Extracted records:
◆ ◆ ◆
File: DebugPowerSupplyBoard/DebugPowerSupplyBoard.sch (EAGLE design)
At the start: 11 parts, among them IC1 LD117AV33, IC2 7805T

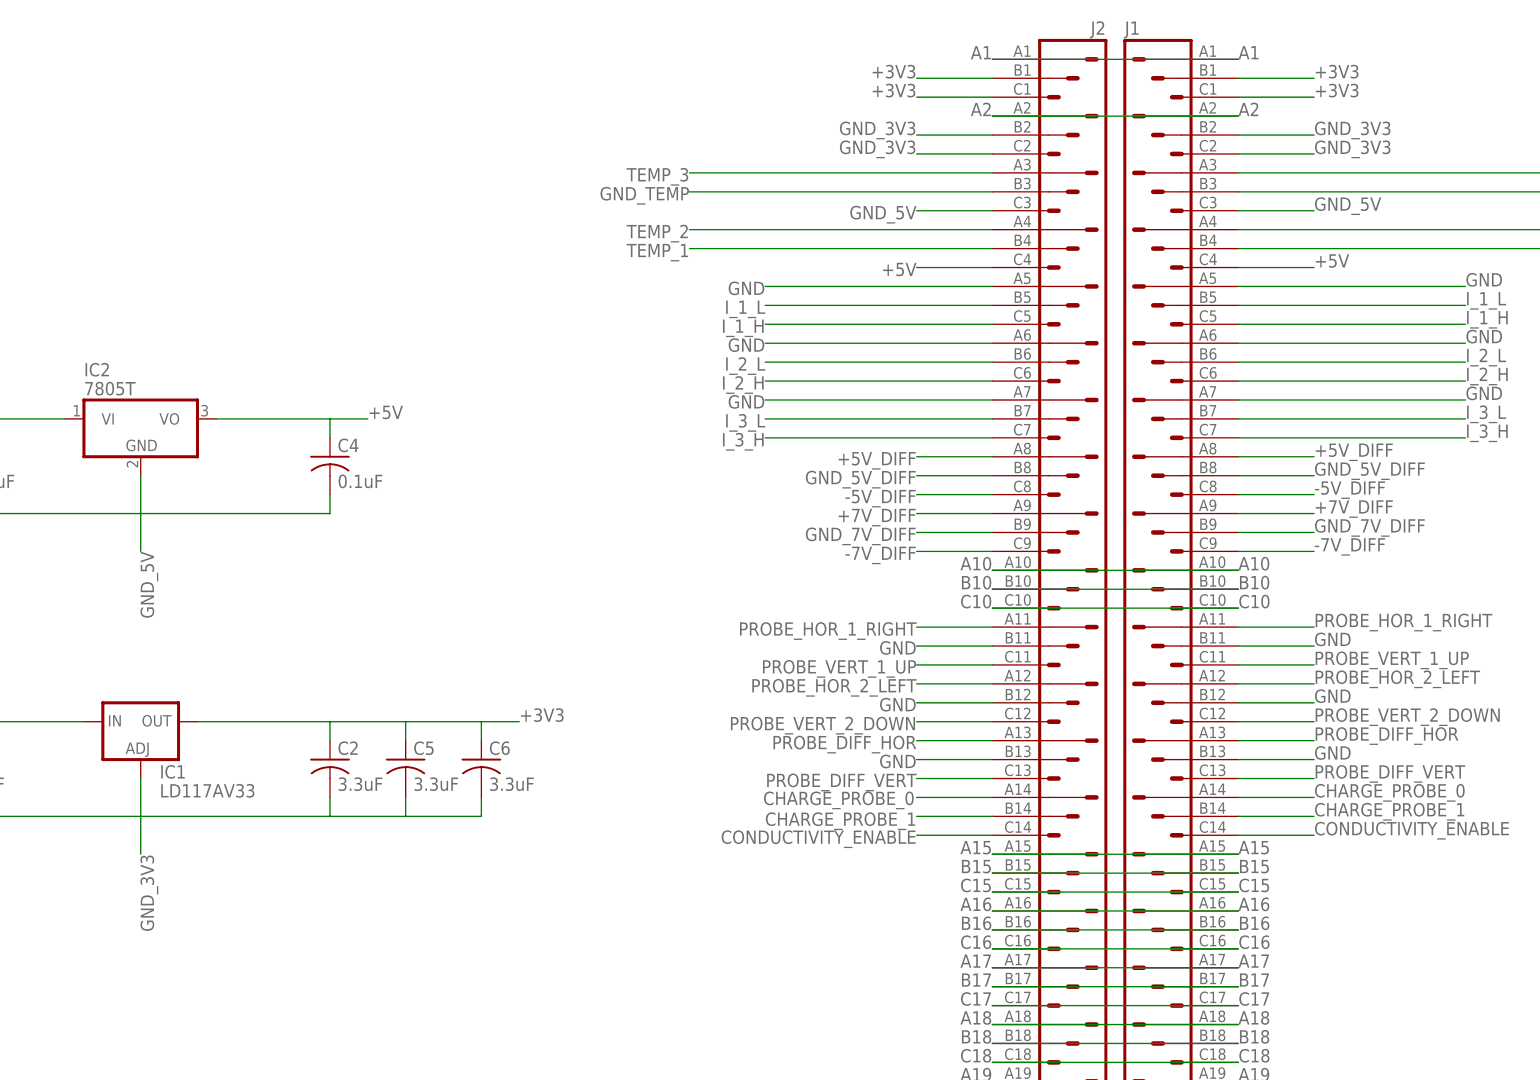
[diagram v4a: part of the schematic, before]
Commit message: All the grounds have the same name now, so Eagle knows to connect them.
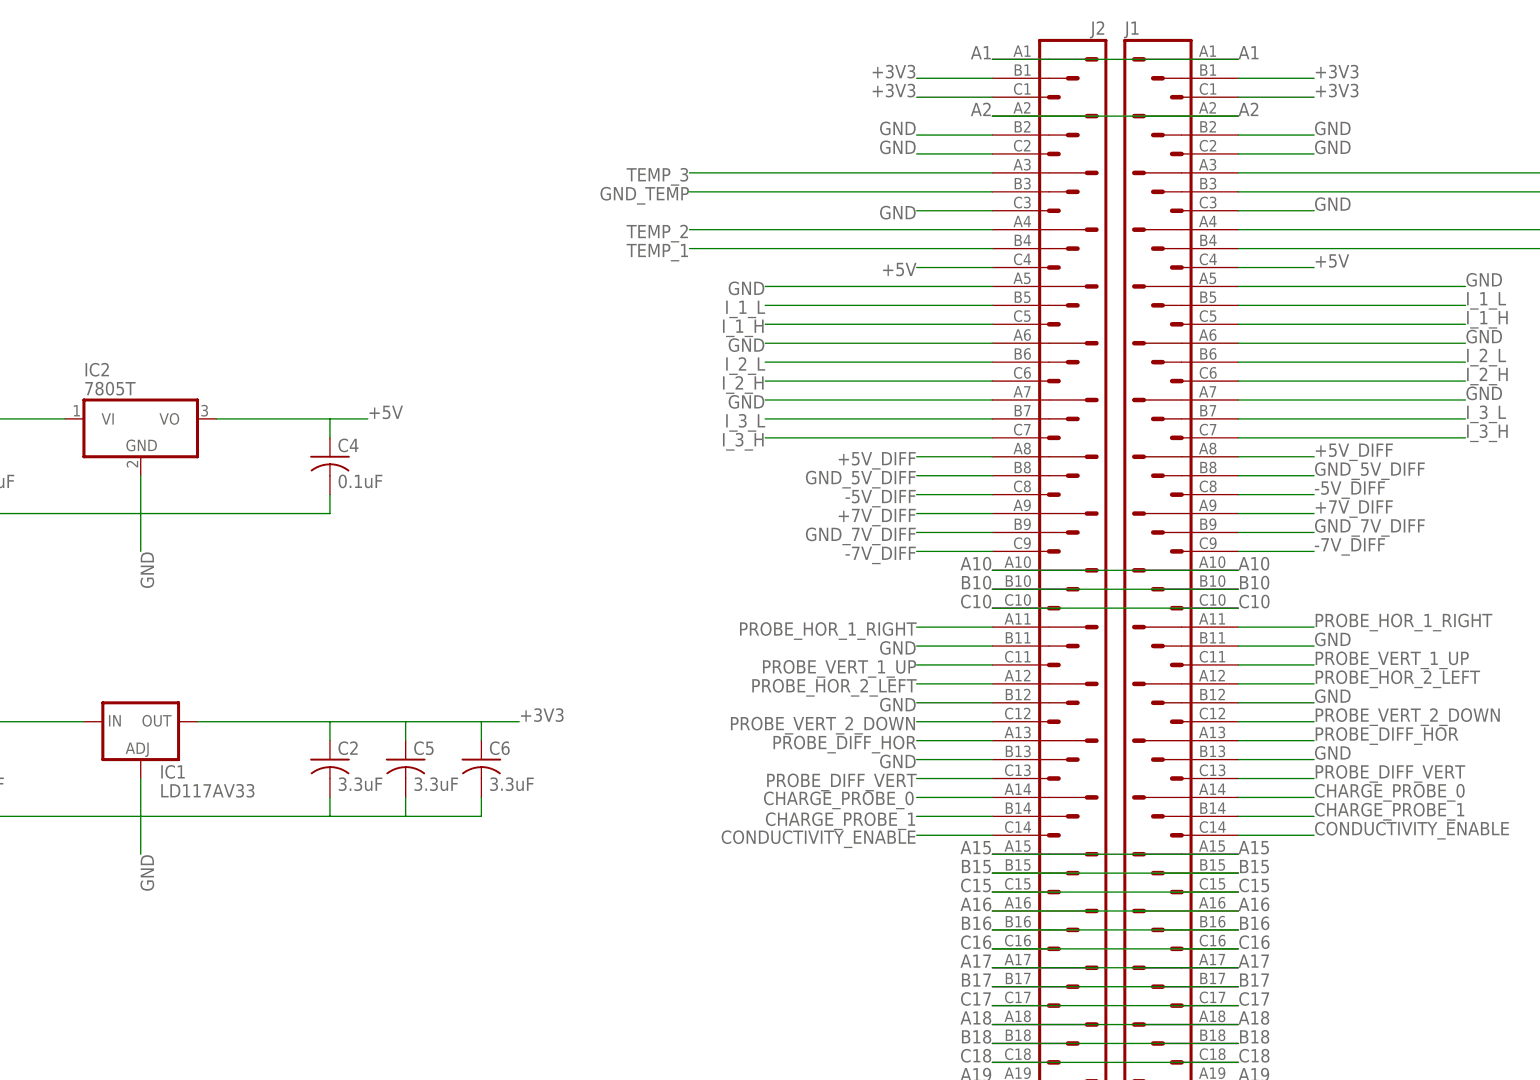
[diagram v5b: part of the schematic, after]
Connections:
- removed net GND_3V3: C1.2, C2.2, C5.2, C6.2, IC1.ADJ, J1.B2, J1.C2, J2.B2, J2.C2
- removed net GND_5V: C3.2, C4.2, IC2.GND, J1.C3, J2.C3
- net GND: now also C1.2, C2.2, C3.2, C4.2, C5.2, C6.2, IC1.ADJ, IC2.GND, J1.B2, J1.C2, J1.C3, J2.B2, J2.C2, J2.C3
◆ ◆ ◆
Restate every entry above word for word; no picture belongs in the copy.

File: DebugPowerSupplyBoard/DebugPowerSupplyBoard.sch (EAGLE design)
At the start: 11 parts, among them IC1 LD117AV33, IC2 7805T

[diagram v4a: part of the schematic, before]
Commit message: All the grounds have the same name now, so Eagle knows to connect them.
[diagram v5b: part of the schematic, after]
Connections:
- removed net GND_3V3: C1.2, C2.2, C5.2, C6.2, IC1.ADJ, J1.B2, J1.C2, J2.B2, J2.C2
- removed net GND_5V: C3.2, C4.2, IC2.GND, J1.C3, J2.C3
- net GND: now also C1.2, C2.2, C3.2, C4.2, C5.2, C6.2, IC1.ADJ, IC2.GND, J1.B2, J1.C2, J1.C3, J2.B2, J2.C2, J2.C3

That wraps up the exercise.